▶ [Problem description]
Range to output from the entries below: the line containing "ds.read_bytes(ds_data,2); //LSB & MSB" through the line containing "2017-03-01 More todo.". Set it down exactly, ends included, nothing else.

(Source data)
[Start of Attachment]

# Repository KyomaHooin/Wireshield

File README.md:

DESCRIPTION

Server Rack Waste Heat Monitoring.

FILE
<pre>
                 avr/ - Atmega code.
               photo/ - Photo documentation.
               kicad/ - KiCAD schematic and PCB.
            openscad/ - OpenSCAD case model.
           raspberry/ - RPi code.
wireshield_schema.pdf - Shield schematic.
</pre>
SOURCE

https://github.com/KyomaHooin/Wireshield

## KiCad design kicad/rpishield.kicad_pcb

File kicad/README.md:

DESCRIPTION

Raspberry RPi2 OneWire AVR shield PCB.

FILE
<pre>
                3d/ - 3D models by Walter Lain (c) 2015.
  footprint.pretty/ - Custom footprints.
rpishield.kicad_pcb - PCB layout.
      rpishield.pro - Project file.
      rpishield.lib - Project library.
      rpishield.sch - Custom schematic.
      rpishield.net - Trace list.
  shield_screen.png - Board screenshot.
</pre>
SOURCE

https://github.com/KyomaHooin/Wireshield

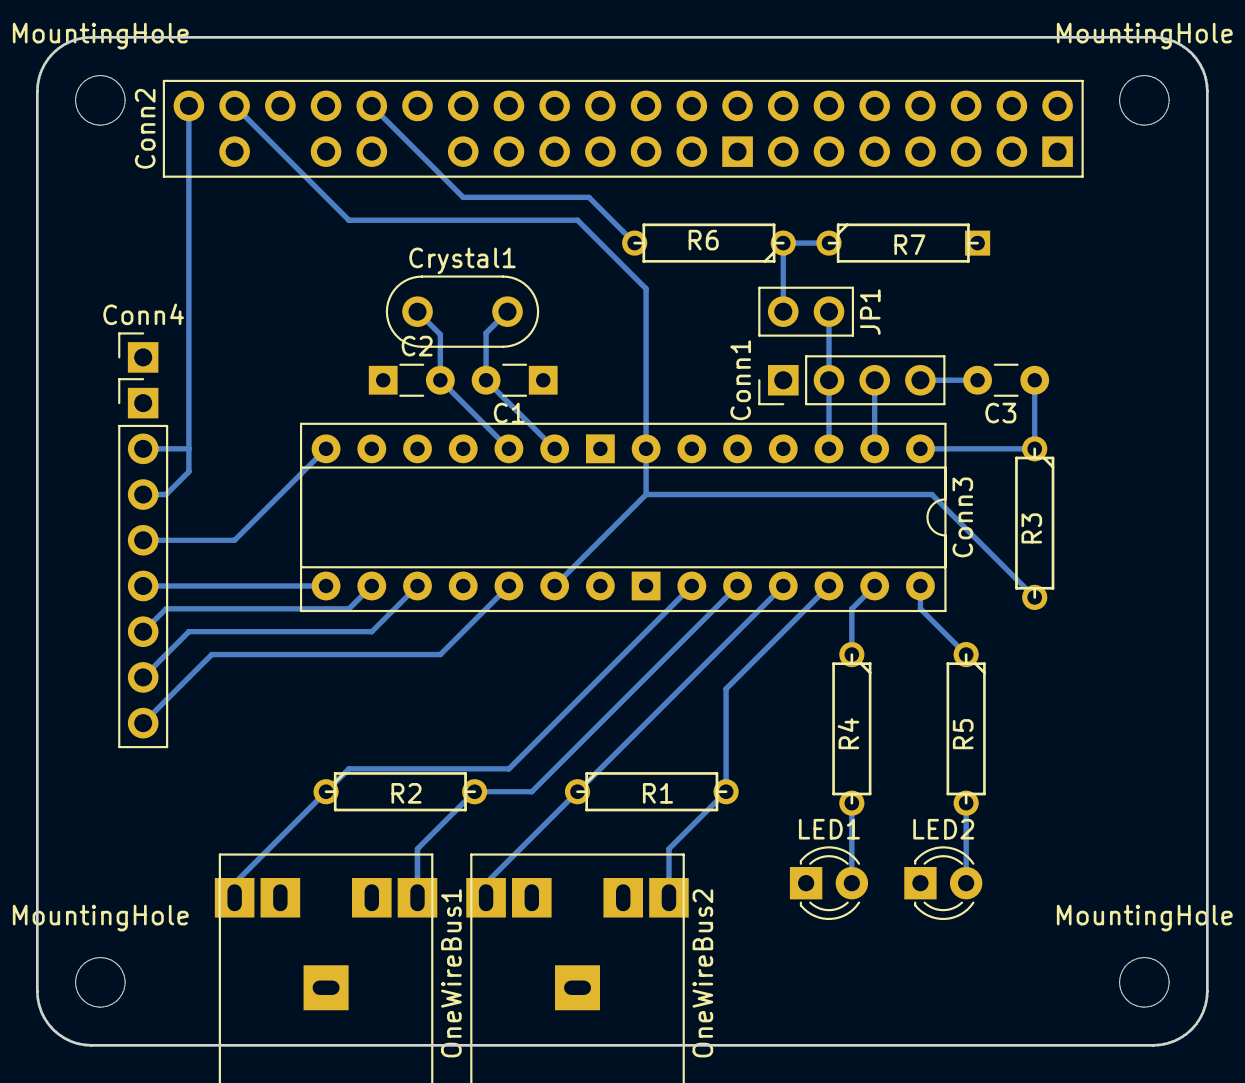
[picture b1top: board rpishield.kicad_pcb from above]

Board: 2 copper layers, 65.0 x 56.0 mm, 24 parts (0 on the bottom side), 24 nets.

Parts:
C1, C2: 22pF; Custom_Disc_D3.0mm_W1.6mm_P3.175mm
C3: 100nF; Custom_Disc_D3.0mm_W1.6mm_P3.175mm_normal
Conn1: UART; Socket_Strip_Straight_1x04_Pitch2.54mm
Conn2: RPi; Custom_Header_2x20_Pitch2.54mm
Conn3: Atmega328; Custom_DIP-28_W7.62mm_Socket
Conn4: SPI; Custom_Pin_Header_Straight_1x09_Pitch2.54mm
Crystal1: 16Mhz; Resonator-2pin_w8.0mm_h3.5mm
JP1: Jumper; Custom_Pin_Header_Straight_1x02_Pitch2.54mm
LED1, LED2: 10mA 2V; LED_D3.0mm_FlatTop
MountingHole: MountingHole_2.75mm_M2.5; Custom_MountingHole_2.75mm_M2.5
MountingHole#2, MountingHole#3, MountingHole#4: MountingHole_2.75mm_M2.5; Custom_MountingHole_2.75mm_M2.5
OneWireBus1, OneWireBus2: JACK_4P; Custom_Barrel_Jack
R1, R2: 4k7; Custom_R3_normal
R3, R6: 10k; Custom_R3_normal
R4, R5: 330; Custom_R3_normal
R7: 20k; Custom_R3

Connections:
/BUS1_DQ: Conn3.24, OneWireBus1.2, R2.2
/BUS1_PWR: Conn3.23, OneWireBus1.5, R2.1
/BUS2_DQ: Conn3.26, OneWireBus2.2, R1.2
/BUS2_PWR: Conn3.25, OneWireBus2.5, R1.1
/LED_ACC: Conn3.27, R4.1
/LED_PWR: Conn3.28, R5.1
/RST: C3.1, Conn3.1, R3.1
/RX: Conn1.3, Conn3.2
/RX_RPI: Conn2.10, R6.2
/SPI_MOSI: Conn3.17, Conn4.8
/SPI_SCK: Conn3.19, Conn4.9
/SPI_SS: Conn3.16, Conn4.7
/TFT_DC: Conn3.14, Conn4.5
/TFT_RST: Conn3.15, Conn4.6
/TX: Conn1.2, Conn3.3, JP1.1
/VCC_ADC: Conn2.4, Conn3.7, Conn3.20, R3.2
/VCC_LED: Conn2.2, Conn4.3, Conn4.4
/XTAL1: C1.2, Conn3.9, Crystal1.2
/XTAL2: C2.2, Conn3.10, Crystal1.1
GND: C1.1, C2.1, Conn1.1, Conn2.25, Conn2.39, Conn3.8, Conn3.22, Conn4.1, Conn4.2, LED1.1, LED2.1, OneWireBus1.1, OneWireBus2.1, R7.2
unnamed: C3.2, Conn1.4
unnamed: JP1.2, R6.1, R7.1
unnamed: LED1.2, R4.2
unnamed: LED2.2, R5.2

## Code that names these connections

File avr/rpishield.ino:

//
// RPi OneWire Shield 
//

#include<OneWire.h>
#include<LowPower.h>
#include<TFT_22_ILI9225.h>// 176x220

#define BUS1_PWR A0
#define BUS1_DQ  A1
#define BUS2_PWR A2
#define BUS2_DQ  A3
#define LED_ACC  A4
#define LED_PWR  A5
#define TFT_RS   8 // TFT D/C
#define TFT_RST  9 // TFT RST
#define TFT_CS   10// SPI SS
#define TFT_SDI  11// SPI MOSI
#define TFT_CLK  13// SPI SCK

//OneWire instance
OneWire Bus1(BUS1_DQ);
OneWire Bus2(BUS2_DQ);
//TFT HW SPI instance
TFT_22_ILI9225 tft(TFT_RST,TFT_RS,TFT_CS,0);

//VAR

int maxtemp = 30;// Maximum temperature.

byte sensor[8][8] = {
  0x28,0xff,0xaa,0xd9,0xb2,0x17,0x04,0x44,// Bus1[sensor 1-4]
  0x28,0xff,0x98,0x07,0xb2,0x17,0x04,0x57,
  0x28,0xff,0xa5,0x2b,0xb2,0x17,0x05,0x03,
  0x28,0xff,0x4c,0xd6,0xb1,0x17,0x04,0x7c,
  0x28,0xff,0x7b,0xb2,0xb1,0x17,0x04,0x37,// Bus2[sensor 5-8]
  0x28,0xff,0x8f,0x96,0xb1,0x17,0x04,0xf0,
  0x28,0xff,0x25,0xb1,0xb1,0x17,0x04,0x88,
  0x28,0xff,0x1b,0xb0,0x70,0x16,0x05,0x43
};

//SETUP

void setup() {
  //UART
  Serial.begin(9600);
  //OneWire
  pinMode(BUS1_PWR, OUTPUT);
  digitalWrite(BUS1_PWR, HIGH);
  pinMode(BUS2_PWR, OUTPUT);
  digitalWrite(BUS2_PWR, HIGH);
  //LED
  pinMode(LED_PWR, OUTPUT);
  digitalWrite(LED_PWR, HIGH);
  pinMode(LED_ACC, OUTPUT);
  digitalWrite(LED_ACC, LOW); 
  //TFT
  tft.begin();
  tft.setOrientation(1);
  tft.setFont(Terminal6x8);
  tft.clear();
}

//MAIN

void loop() {
  float temperature;
  char msg[6], payload[48] = {};
  for (int i = 0; i < 4; i++) {
    ds_temp_request(Bus1,sensor[i]);
    temperature = ds_get_temperature(Bus1,sensor[i]);
    if ( temperature <= 0 ) { temperature = 0; }
    sprintf(msg, "S%dT%03d", i, int(temperature * 10));
    strcat(payload,msg);
    tft_update(i,temperature);
  }
  for (int i = 4; i < 8; i++) {
    ds_temp_request(Bus2,sensor[i]);
    temperature = ds_get_temperature(Bus2,sensor[i]);
    if ( temperature <= 0 ) { temperature = 0; }
    sprintf(msg, "S%dT%03d", i, int(temperature * 10));
    strcat(payload,msg);
    tft_update(i,temperature);
  }
  Serial.println(payload);
  led_flash();
  for (int i = 0; i < 74; i++) {// 5min sleep
    LowPower.powerDown(SLEEP_4S, ADC_OFF, BOD_OFF);
  }
}

//FUNC

//Blink half a sec.
void led_flash() {
  digitalWrite(LED_ACC,HIGH);
  delay(100);
  digitalWrite(LED_ACC,LOW);
}

//Bus request temperature
void ds_temp_request(OneWire &ds, byte addr[8]) {
  ds.reset();
  ds.select(addr);
  ds.write(0x44);//"Convert T".
  delay(750); //12-Bit resolution delay.
}

//Bus calculate temperature.
float ds_get_temperature(OneWire &ds, byte addr[8]) {
  byte ds_data[2];
  ds.reset();
  ds.select(addr);
  ds.write(0xbe); //"Read Scratchpad".
  ds.read_bytes(ds_data,2); //LSB & MSB
  short raw = ds_data[1] << 8 | ds_data[0]; //2-Byte to 16 bit int
  return (float)raw / 16.0; //-> int to double precission float
}

//TFT background template 52x85 square 2px spacing
void tft_rectangle(int id, float val) {
  unsigned long color;
  (val > 0 && val < maxtemp) ? color = COLOR_GREEN : color = COLOR_RED;
  if(id < 4) {
     tft.drawRectangle(2 + 2*id + 52*id, 2, 54 + 2*id + 52*id, 87, color);
     tft.drawRectangle(2 + 2*id + 52*id + 1, 3, 54 + 2*id + 52*id - 1, 86, color);
  } else {
     tft.drawRectangle(2 + 2*(id-4) + 52*(id-4), 89, 54 + 2*(id-4) + 52*(id-4), 174 , color);
     tft.drawRectangle(2 + 2*(id-4) + 52*(id-4) + 1, 90, 54 + 2*(id-4) + 52*(id-4) - 1, 173 , color);
  }
}

//TFT draw value
void tft_update(int id, float val) {
  String offset;
  String sid = String("R") + String(id + 1);
  if (val >= 0 && val < 10) { offset = String(' '); }
  String tmp = offset + String(int(val)) + String(".") + String(int(val*10) % 10);
  if (id < 4) {
      tft.drawText(21 + 2*id + 52*id, 28, sid, COLOR_WHITE);
      tft.drawText(15 + 2*id + 52*id, 53, tmp, COLOR_WHITE);
  } else {
      tft.drawText(21 + 2*(id-4) + 52*(id-4), 115, sid, COLOR_WHITE);
      tft.drawText(15 + 2*(id-4) + 52*(id-4), 140, tmp, COLOR_WHITE);
  }
  tft_rectangle(id, val);
}

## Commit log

2017-02-21 Init README.
2017-02-21 Kicad schema.
2017-02-21 Schema update.
2017-02-21 Fix conn label.
2017-02-22 Kicad schema, PCB update.
2017-02-22 Schema PDF update.
2017-02-23 PCB schematic update.
2017-02-23 3D models.
2017-02-23 Project screen.
2017-02-23 Fix readme URL.
2017-02-23 Move schematic PDF to homepage.
2017-02-24 Round corner, via, gnd pour.
2017-02-25 20x2 pin strip.
2017-02-25 Obsolate footprint.
2017-02-25 Distance rule, custom header.
2017-02-25 Ground fill, RPi pinhole, schema lib, cleanup.
2017-02-25 Typo.
2017-02-25 Simplifiled structure.
2017-02-26 Obsolate models, RX/RT fix.
2017-02-26 Ground pad, track cleanup.
2017-02-26 Update schema lib.
2017-02-26 Better Jack track.
2017-02-27 TODO.
2017-02-27 Todo update.
2017-03-01 More todo.
2017-03-01 LCD spec.
2017-03-01 IDC spec.
2017-03-03 Readme update.
2017-03-16 Custom footprint library.
2017-03-16 SPI, LED, R, C footprint, path update.
2017-03-16 Kicad models, obsolate.
2017-03-16 Screen update.
2017-03-19 DODO update.
2017-03-20 Scad init.
2017-03-21 AVR Demo.
2017-03-22 Minor fix, typo.
2017-03-22 Revert test.
2017-03-23 Minor typo.
2017-03-23 Reamde.
2017-03-24 Refresh, sleep, cleanup.
2017-03-25 SCAD TODO.
2017-03-30 TFT SPI, schema update.
2017-04-03 RPi init.
2017-04-03 More simple.
2017-04-04 Case code update.
2017-04-04 Top, bottom update.
2017-04-04 Case model screen.
2017-04-04 Kicad cleanup.
2017-04-04 Update.
2017-04-05 Mount hole/buffer.
2017-04-06 Firewall.
2017-04-06 Config update.
2017-04-06 Dir rename.
2017-04-06 Struct update.
2017-04-06 Console config.
2017-04-06 Pi,shield components.
2017-04-06 SPI, spacer.
2017-04-07 Fix xonxoff flow control.
2017-04-07 Eth0 config.
2017-04-07 Stdout newline.
2017-04-07 Top case, raw shiled component.
2017-04-07 Install update.
2017-04-08 RRD.
2017-04-08 Frontend.
2017-04-08 WWW config.
2017-04-08 Email notify.
2017-04-09 Payload concat.
2017-04-09 AVR delay, var fix.
2017-04-10 Input parsing.
2017-04-11 RRD template.
2017-04-11 RRD update, plot.
2017-04-12 OneWire PWR fix.
2017-04-12 Sensor var, payload fix.
2017-04-12 Temperature error.
2017-04-12 Heatbeat tune.
2017-04-12 Logic update.
2017-04-12 rc.local, TODO.
2017-04-12 HTTP/S.
2017-04-12 Linebreak.
2017-04-12 File update.
2017-04-13 Better logging.
2017-04-13 Lower temperature fix.
2017-04-13 Obsolate module.
2017-04-13 General update exception.
2017-04-15 String fixes.
2017-04-15 Repack.
2017-04-15 Syntax, printing, TFT default.
2017-04-15 Patch UL color, for loop.
2017-04-15 TFT init, fc update.
2017-04-17 Stereo 4P jack foot.
2017-04-17 Stereo jack schema.
2017-04-17 Stereo jack update.
2017-04-17 Sqare matrix.
2017-04-17 SPI foot.
2017-04-18 TFT screen.
2017-04-18 More TFT code.
2017-04-18 Better sprintf.
2017-04-19 Orientation, buffer, spritf, ID,String.
2017-04-20 Mounthole,Jack,Crystal PCB fix.
2017-04-20 Board,LED,AVR spacing.
2017-04-20 Hole fix.
2017-04-20 Screen update 2.
2017-04-22 Crystal layout.
2017-04-22 Jack oval width.
2017-04-22 Jack update.
2017-04-22 Jack 3D model fix.
2017-04-24 Valid ROM, TFT offset tune.
2017-04-26 Syntax typo.
2017-04-27 Last, averare RRA.
2017-04-27 Serial debug.
2017-04-27 Graph interval label.
2017-04-27 Graph output formating.
2017-04-27 Plot screen.
2017-04-27 Serial config.
2017-04-27 5 min delay.
2017-04-28 Frontend nice.
2017-04-28 LowPower lib.
2017-04-28 Idle, LED blink.
2017-04-28 Plot formating.
2017-04-28 Offset fix.
2017-05-02 Idle/sleep, acct. lex fix.
2017-05-10 TFT dimmensions.
2017-05-11 Revert formating.
2017-07-18 Create Photo
2017-07-18 Create photodocumentation
2017-07-18 Update photodocumentation
2017-07-18 Typo, readme update.
2017-07-20 Fix PDF export.
2017-07-20 RST path.
2017-07-20 Jack schema, RST bug.
2017-07-20 Rule check.
2017-08-02 Disable serial TTY service.
2017-08-03 Contrast colors, alignment.
2017-08-07 Header, MOSI, RX, Jumper update.
2017-08-07 Jumper.
2017-08-07 Header, MOSI, RX, Jumper.
2017-08-07 RPI header,Jumper.
2017-08-07 SPI VCC, Jumper, MOSI track.
2017-08-07 SPI/AVR VCC, TX drop.
2017-08-07 0.3mm track.
2017-08-07 Un-debug.
2017-08-09 Switch RS/RST.
2017-08-10 R/C footprint update.
2017-08-10 R/C footprint pad + 0.625 mm.
2017-08-10 Layout tune, 3D offsets.
2017-08-10 Layout update.
2017-08-10 LED R offset fix.
2017-08-11 Obsolate.
2017-08-17 Dimension schematics.
2017-08-17 RPi dimensions.
2017-08-18 Code update.
2017-08-18 TFT code.
2017-08-18 Shield code.
2017-08-18 RPi code.
2017-08-18 SPI, typo.
2017-08-18 New base rewrite backup.
2017-08-18 Order list.
2017-08-19 Support funtions.
2017-08-19 Func. name.
2017-08-19 Func. name, minor fixes.
2017-08-19 Rewritten code.
2017-08-21 Top/bottom height, liplock, vent.
2017-08-21 LED cylinder.
2017-08-22 Micro SD.
2017-08-22 IDC cable, MicroSD card, Vent loop.
2017-08-22 IDC schema.
2017-08-22 Dongle order.
2017-08-23 Top TFT hole.
2017-08-23 Display mount.
2017-08-23 Fix top display mount.
2017-08-24 Top display mount fix.
2017-08-26 Syntax.
2017-08-26 Display mount sink.
2017-08-27 Case mount hole.
2017-08-28 Plot screen update.
2017-08-30 Numeric update.
2017-08-31 Order update.
2017-08-31 Oder update.
2017-08-31 Minor fixes.
2017-09-04 Case rewrite.
2017-09-04 Dimensions update.
2017-09-07 Numeric update, code rewrite.
2017-09-07 RPi lip, SD cut, cleanup.
2017-09-07 SCAD screen update.
2017-09-07 Lip tune, grammar.
2017-09-07 Order update 2.
2017-09-07 Thickness tune.
2017-09-08 Lock, harden, fixes.
2017-09-08 Top / mount height fix.
2017-09-08 Bossard insert.
2017-09-08 Box screen update.
2017-09-08 Cleanup.
2017-09-09 Rounded PCB.
2017-09-09 Lip-lock fix.
2017-09-09 Show spacer, alignment.
2017-09-09 STL output.
2017-09-09 Reamde update.
2017-09-09 Syntax cleanup.
2017-09-09 Display screw update.
2017-09-09 Revert.
2017-09-10 Display screw update, display mount harden.
2017-09-11 USB,DHMI,IDC,LED,screen numeric update.
2017-09-14 Max temperature var.
2017-09-14 M2 insert spec.
2017-09-29 Regexp tune.
2017-10-16 Components update.
2017-10-25 RST/PWR button code.
2017-10-25 Webcam.
2017-10-25 Func. return.
2017-10-25 Update logic.
2017-10-25 Def name.
2017-10-26 Better logic.
2017-10-26 Button schema.
2017-10-26 Button model.
2017-10-26 Pwr/rst button.
2017-10-26 Button update.
2017-10-26 M7 buffer.
2017-11-18 Pin description.
2017-12-11 Fix lib name.
2017-12-11 Live code.
2018-01-02 Fix too short press.
2018-02-12 Sensor array descr.
2018-02-12 Maxtemp var, hex typo.
2018-02-12 HTML 5 min refresh.
2018-02-14 3D print.
2018-02-16 MicroUsb,HDMI width/length mismatch fix.
2018-02-16 TFT screen width/length fix.
2018-02-16 Button dia +1.
2018-02-16 LED +1mm dia.
2018-02-16 Button +1mm dia + height.
2018-02-16 Unused variable.
2018-02-16 LED +0.5mm Dia, JACK +1mm Width, JACK +8mm ring.
2018-02-17 Button 00.5mm offset.
2018-02-17 All compoment +1mm width/height +0.5mm offset.
2018-02-17 All +1mm width/length/dia +0.5mm offset.
2018-02-18 Lip-lock fixes.
2018-02-18 Shiled front spacer/harden -0.5mm.
2018-02-18 Box width/length +0.5mm.
2018-02-21 TFT 0.5mm top/bottom.
2018-02-21 Bottom mount/hole +0.5mm dia.
2018-02-21 Button position tune.
2018-02-21 Brass insert mount hole.
2018-02-21 USB lip harden.
2018-02-21 Top +1mm height.
2018-02-21 STL update.
2018-02-21 Perm fix.
2018-02-21 STL update jack.
2018-02-21 Minor offset fix.
2018-02-21 Jack height fix.
2018-02-27 It's waste heat..
2018-02-27 Contact update.
2018-03-07 Update rpishield.ino
    sensors serial number update
2018-03-08 Sensor update.
2018-03-08 Fix error value.
2018-03-08 Fix logic.
2018-03-08 Typo bug fix.
2018-03-08 Minor update.
2018-03-28 Fix microHeight bug.
2018-03-31 STL top update.
2018-03-31 STL bottom update.
2018-04-03 Jack possition fix.
2018-04-03 Lip lock fix.
2018-04-03 Top mount fix.
2018-04-14 Sensor error comment.
2018-05-16 Fix quotation.
2018-05-20 Final box.
2018-05-31 Fix string/float concat.
2018-06-01 Nice notification sender.
2018-06-01 Notification variable.
2018-06-03 Handle SMTP exception.

[End of Attachment]

▶ [Solution to this exercise]
  ds.read_bytes(ds_data,2); //LSB & MSB
  short raw = ds_data[1] << 8 | ds_data[0]; //2-Byte to 16 bit int
  return (float)raw / 16.0; //-> int to double precission float
}

//TFT background template 52x85 square 2px spacing
void tft_rectangle(int id, float val) {
  unsigned long color;
  (val > 0 && val < maxtemp) ? color = COLOR_GREEN : color = COLOR_RED;
  if(id < 4) {
     tft.drawRectangle(2 + 2*id + 52*id, 2, 54 + 2*id + 52*id, 87, color);
     tft.drawRectangle(2 + 2*id + 52*id + 1, 3, 54 + 2*id + 52*id - 1, 86, color);
  } else {
     tft.drawRectangle(2 + 2*(id-4) + 52*(id-4), 89, 54 + 2*(id-4) + 52*(id-4), 174 , color);
     tft.drawRectangle(2 + 2*(id-4) + 52*(id-4) + 1, 90, 54 + 2*(id-4) + 52*(id-4) - 1, 173 , color);
  }
}

//TFT draw value
void tft_update(int id, float val) {
  String offset;
  String sid = String("R") + String(id + 1);
  if (val >= 0 && val < 10) { offset = String(' '); }
  String tmp = offset + String(int(val)) + String(".") + String(int(val*10) % 10);
  if (id < 4) {
      tft.drawText(21 + 2*id + 52*id, 28, sid, COLOR_WHITE);
      tft.drawText(15 + 2*id + 52*id, 53, tmp, COLOR_WHITE);
  } else {
      tft.drawText(21 + 2*(id-4) + 52*(id-4), 115, sid, COLOR_WHITE);
      tft.drawText(15 + 2*(id-4) + 52*(id-4), 140, tmp, COLOR_WHITE);
  }
  tft_rectangle(id, val);
}

## Commit log

2017-02-21 Init README.
2017-02-21 Kicad schema.
2017-02-21 Schema update.
2017-02-21 Fix conn label.
2017-02-22 Kicad schema, PCB update.
2017-02-22 Schema PDF update.
2017-02-23 PCB schematic update.
2017-02-23 3D models.
2017-02-23 Project screen.
2017-02-23 Fix readme URL.
2017-02-23 Move schematic PDF to homepage.
2017-02-24 Round corner, via, gnd pour.
2017-02-25 20x2 pin strip.
2017-02-25 Obsolate footprint.
2017-02-25 Distance rule, custom header.
2017-02-25 Ground fill, RPi pinhole, schema lib, cleanup.
2017-02-25 Typo.
2017-02-25 Simplifiled structure.
2017-02-26 Obsolate models, RX/RT fix.
2017-02-26 Ground pad, track cleanup.
2017-02-26 Update schema lib.
2017-02-26 Better Jack track.
2017-02-27 TODO.
2017-02-27 Todo update.
2017-03-01 More todo.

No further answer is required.